Depuis quelques années plusieurs articles ont été publiés dans différents bulletins ou magazines présentant le "LapinChèvre". Ce lapin serait une ancienne souche élevée depuis des décennies par les fermières des campagnes charentaises et d'aquitaine. Pourtant, le Lapin-Chèvre n'a fait l'objet d'aucune description standardique et n'a jamais été cité - à notre connaissance - dans un quelconque ouvrage consacré aux race

 

D'où vient-il ?
L'essentiel des textes sur le Lapin-Chèvre a été écrit par Jean COUTARD dont voici un court extrait. "Dans les années 1990, alors que membre de l'association Conservatoire des Races d'Aquitaine nous parcourions la région, surtout les Pyrénées, à la recherche des animaux appartenant à des races menacées pour compléter ou créer des inventaires nous étions loin de nous douter qu'une agréable surprise nous attendait à un kilomètre et demi de chez nous, de la toute nouvelle Ferme Conservatoire de Leyssart.

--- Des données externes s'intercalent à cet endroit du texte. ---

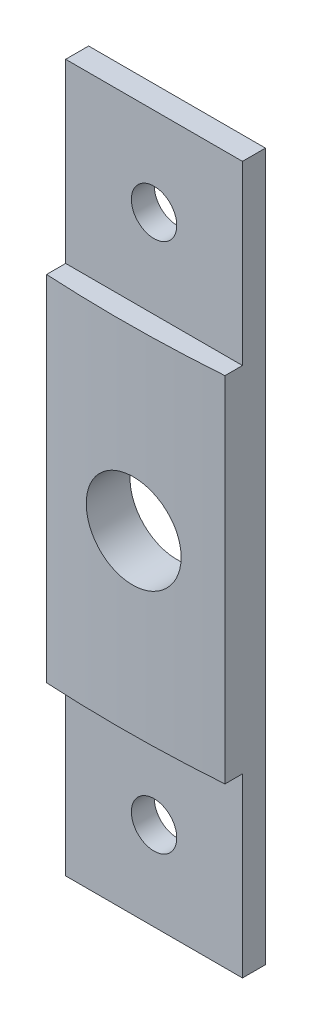
ISO-10303-21;
HEADER;
FILE_DESCRIPTION(('STEP AP214'),'2;1');
FILE_NAME('part.step','',(''),(''),'','','');
FILE_SCHEMA(('AUTOMOTIVE_DESIGN { 1 0 10303 214 1 1 1 1 }'));
ENDSEC;
DATA;
#1=APPLICATION_CONTEXT('core data for automotive mechanical design processes');
#2=APPLICATION_PROTOCOL_DEFINITION('international standard','automotive_design',2000,#1);
#3=PRODUCT_CONTEXT('',#1,'mechanical');
#4=PRODUCT('Part','Part','',(#3));
#5=PRODUCT_RELATED_PRODUCT_CATEGORY('part','',(#4));
#6=PRODUCT_DEFINITION_FORMATION('','',#4);
#7=PRODUCT_DEFINITION_CONTEXT('part definition',#1,'design');
#8=PRODUCT_DEFINITION('design','',#6,#7);
#9=PRODUCT_DEFINITION_SHAPE('','',#8);
#10=(LENGTH_UNIT() NAMED_UNIT(*) SI_UNIT(.MILLI.,.METRE.));
#11=(NAMED_UNIT(*) PLANE_ANGLE_UNIT() SI_UNIT($,.RADIAN.));
#12=(NAMED_UNIT(*) SI_UNIT($,.STERADIAN.) SOLID_ANGLE_UNIT());
#13=UNCERTAINTY_MEASURE_WITH_UNIT(LENGTH_MEASURE(1.E-05),#10,'distance_accuracy_value','');
#14=(GEOMETRIC_REPRESENTATION_CONTEXT(3) GLOBAL_UNCERTAINTY_ASSIGNED_CONTEXT((#13)) GLOBAL_UNIT_ASSIGNED_CONTEXT((#10,
#11,#12)) REPRESENTATION_CONTEXT('',''));
#15=CARTESIAN_POINT('',(0.,0.,0.));
#16=DIRECTION('',(0.,0.,1.));
#17=DIRECTION('',(1.,0.,0.));
#18=AXIS2_PLACEMENT_3D('',#15,#16,#17);
#19=CARTESIAN_POINT('',(0.,-278.797022402708,-95.25));
#20=DIRECTION('',(0.,1.,0.));
#21=DIRECTION('',(0.,0.,1.));
#22=AXIS2_PLACEMENT_3D('',#19,#20,#21);
#23=CYLINDRICAL_SURFACE('',#22,98.425);
#24=CARTESIAN_POINT('',(0.,2.37479674796748,-95.25));
#25=DIRECTION('',(0.,1.,0.));
#26=DIRECTION('',(0.,0.,1.));
#27=AXIS2_PLACEMENT_3D('',#24,#25,#26);
#28=CIRCLE('',#27,98.425);
#29=CARTESIAN_POINT('',(7.22764227642276,2.37479674796748,2.90926758143659));
#30=VERTEX_POINT('',#29);
#31=CARTESIAN_POINT('',(-5.47235772357724,2.37479674796748,3.02275271378738));
#32=VERTEX_POINT('',#31);
#33=EDGE_CURVE('E112',#30,#32,#28,.F.);
#34=ORIENTED_EDGE('',*,*,#33,.F.);
#35=DIRECTION('',(0.,1.,0.));
#36=VECTOR('',#35,1.);
#37=CARTESIAN_POINT('',(7.22764227642279,-278.797022402708,2.90926758143659));
#38=LINE('',#37,#36);
#39=CARTESIAN_POINT('',(7.22764227642276,27.7747967479675,2.9092675814366));
#40=VERTEX_POINT('',#39);
#41=EDGE_CURVE('E117',#40,#30,#38,.F.);
#42=ORIENTED_EDGE('',*,*,#41,.F.);
#43=CARTESIAN_POINT('',(0.,27.7747967479675,-95.25));
#44=DIRECTION('',(0.,-1.,0.));
#45=DIRECTION('',(0.,0.,-1.));
#46=AXIS2_PLACEMENT_3D('',#43,#44,#45);
#47=CIRCLE('',#46,98.425);
#48=CARTESIAN_POINT('',(-5.47235772357724,27.7747967479675,3.02275271378739));
#49=VERTEX_POINT('',#48);
#50=EDGE_CURVE('E47',#40,#49,#47,.T.);
#51=ORIENTED_EDGE('',*,*,#50,.T.);
#52=DIRECTION('',(0.,1.,0.));
#53=VECTOR('',#52,1.);
#54=CARTESIAN_POINT('',(-5.4723577235772,-278.797022402708,3.02275271378739));
#55=LINE('',#54,#53);
#56=EDGE_CURVE('E108',#49,#32,#55,.F.);
#57=ORIENTED_EDGE('',*,*,#56,.T.);
#58=EDGE_LOOP('',(#34,#42,#51,#57));
#59=FACE_BOUND('',#58,.T.);
#60=CARTESIAN_POINT('',(0.,18.337001412705,3.17500000000001));
#61=CARTESIAN_POINT('',(0.183163774329728,18.3862699131995,3.17499923295771));
#62=CARTESIAN_POINT('',(0.370618506350538,18.420112357294,3.1744833048946));
#63=CARTESIAN_POINT('',(0.748696883253728,18.4558831728512,3.17233438141036));
#64=CARTESIAN_POINT('',(0.939324030989922,18.4577735503428,3.17070005851524));
#65=CARTESIAN_POINT('',(1.31810349634827,18.4295342032097,3.16635570330243));
#66=CARTESIAN_POINT('',(1.50625697091006,18.3994200286868,3.16364619378798));
#67=CARTESIAN_POINT('',(1.87477767555351,18.3080601384446,3.15731586236169));
#68=CARTESIAN_POINT('',(2.05514678005276,18.246821963039,3.15369526128434));
#69=CARTESIAN_POINT('',(2.40311827028649,18.0949308812085,3.14581279900255));
#70=CARTESIAN_POINT('',(2.57071528735451,18.0042656886182,3.14155067035122));
#71=CARTESIAN_POINT('',(2.8883186641795,17.7960960163174,3.13273994796942));
#72=CARTESIAN_POINT('',(3.03832427364177,17.6785903924598,3.12819134203307));
#73=CARTESIAN_POINT('',(3.31657209541615,17.4199941230677,3.11920455482662));
#74=CARTESIAN_POINT('',(3.4448015474168,17.2788897446755,3.11476643959231));
#75=CARTESIAN_POINT('',(3.6757511501773,16.9771424388507,3.10640738089549));
#76=CARTESIAN_POINT('',(3.77847135945796,16.8164995562426,3.10248643624655));
#77=CARTESIAN_POINT('',(3.95547236390289,16.4802474922343,3.09552731700965));
#78=CARTESIAN_POINT('',(4.02975622278909,16.3046399256174,3.09248904733113));
#79=CARTESIAN_POINT('',(4.14778175991391,15.9434296465907,3.08758206459831));
#80=CARTESIAN_POINT('',(4.19152365595121,15.7578270054671,3.08571334320381));
#81=CARTESIAN_POINT('',(4.24719352568425,15.3820539635518,3.0833247698372));
#82=CARTESIAN_POINT('',(4.2591469367588,15.1918873379351,3.08280383936196));
#83=CARTESIAN_POINT('',(4.25097162182068,14.8122464901152,3.08315758298348));
#84=CARTESIAN_POINT('',(4.23084296557456,14.6227722664072,3.08403225404533));
#85=CARTESIAN_POINT('',(4.15909521199345,14.2499844164746,3.08709281873213));
#86=CARTESIAN_POINT('',(4.10749047589063,14.066668020909,3.08927811436575));
#87=CARTESIAN_POINT('',(3.97427343139461,13.711301571906,3.09475172078679));
#88=CARTESIAN_POINT('',(3.89266104142145,13.5392515490991,3.09804003457291));
#89=CARTESIAN_POINT('',(3.7016994688612,13.2112048603761,3.10541237133611));
#90=CARTESIAN_POINT('',(3.59233628440084,13.0552163544397,3.10949679575489));
#91=CARTESIAN_POINT('',(3.34899567947401,12.7638052149987,3.11808238570689));
#92=CARTESIAN_POINT('',(3.21501813116291,12.6283826883185,3.12258355340458));
#93=CARTESIAN_POINT('',(2.92612863370945,12.3818379238092,3.13160017938744));
#94=CARTESIAN_POINT('',(2.77120036625512,12.2707348065599,3.1361156461056));
#95=CARTESIAN_POINT('',(2.44488040810793,12.0761153318647,3.14476503433411));
#96=CARTESIAN_POINT('',(2.27348871175923,11.9925989838959,3.1488989557134));
#97=CARTESIAN_POINT('',(1.9190910085905,11.8555237927114,3.15644846982117));
#98=CARTESIAN_POINT('',(1.7360843655135,11.8019665922123,3.15986402315378));
#99=CARTESIAN_POINT('',(1.3636610963515,11.7263456210613,3.16572902326381));
#100=CARTESIAN_POINT('',(1.17424449522206,11.7042817278127,3.16817847380204));
#101=CARTESIAN_POINT('',(0.794502737236001,11.6922846944263,3.17197630756217));
#102=CARTESIAN_POINT('',(0.604178213629432,11.7023317222101,3.17332536975065));
#103=CARTESIAN_POINT('',(0.227911860858423,11.7542315993472,3.174915989193));
#104=CARTESIAN_POINT('',(0.041970021364355,11.7960843737292,3.17515754905743));
#105=CARTESIAN_POINT('',(-0.320181206052002,11.9103859625722,3.17464585069786));
#106=CARTESIAN_POINT('',(-0.496394170491173,11.9828234476875,3.17389296062354));
#107=CARTESIAN_POINT('',(-0.834163478701133,12.1562360566521,3.17161020455872));
#108=CARTESIAN_POINT('',(-0.995719788227125,12.2572112471767,3.17008033675289));
#109=CARTESIAN_POINT('',(-1.29963908752983,12.4848662961968,3.16653675381038));
#110=CARTESIAN_POINT('',(-1.44199664706101,12.6115534018714,3.16452290222816));
#111=CARTESIAN_POINT('',(-1.70342950580691,12.8870213305123,3.1603454308796));
#112=CARTESIAN_POINT('',(-1.82250477877466,13.0358021783854,3.15818181094442));
#113=CARTESIAN_POINT('',(-2.03403509884422,13.3512964635848,3.15403732242825));
#114=CARTESIAN_POINT('',(-2.12648063827912,13.5180162765876,3.15205651928981));
#115=CARTESIAN_POINT('',(-2.28206969548512,13.8646149047119,3.14857148784348));
#116=CARTESIAN_POINT('',(-2.34521318969307,14.044493730415,3.14706725991883));
#117=CARTESIAN_POINT('',(-2.4403977283043,14.4122833549272,3.14475276351811));
#118=CARTESIAN_POINT('',(-2.47244225527235,14.6001932519293,3.14394241734007));
#119=CARTESIAN_POINT('',(-2.50452941165419,14.9787277010001,3.14313097183225));
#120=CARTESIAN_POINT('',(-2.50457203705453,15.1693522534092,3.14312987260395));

Lors de notre visite chez un voisin, nous découvrons dans son clapier un lapin dont la couleur nous intrigua beaucoup car je me souvenais très bien de la robe de ces lapins que ma famille élevait dans les années 60 sous le nom de lapin-chèvre, je n'en avais jamais revu depuis. Il faut dire que les clapiers des fermes ne sont pas toujours très bien exposés, souvent relégués sous des hangars. Le fermier questionné me dit qu'il en avait eu autrefois et qu'il venait d'en retrouver récemment. Quant au nom, avec son accent un peu charentais, il me dit 'olé un lapin chèvre'. J'étais un peu interdit en retrouvant aussi près de chez nous une variété de lapin que j'aimais beaucoup quand j'étais enfant car la couleur était remarquable".

Nous avons acheté quelques sujets que nous avons élevés, diffusés et présentés un peu partout dans les expositions. Un petit nombre seulement de visiteurs les reconnaissait, mais ces derniers, unanimement leur donnaient le nom de lapin-chèvre. A l’évidence nous tenions une variété ancienne redécouverte puisque génétiquement fixée et reconnue par tout le monde sous le même nom. »Sa place était déjà faite. Des témoignages nous les présentent comme très abondant dans la région de Libourne à la fin la dernière guerre. La Gironde, la Dordogne et les deux Charentes semblent être la zone où il fut le mieux connu. »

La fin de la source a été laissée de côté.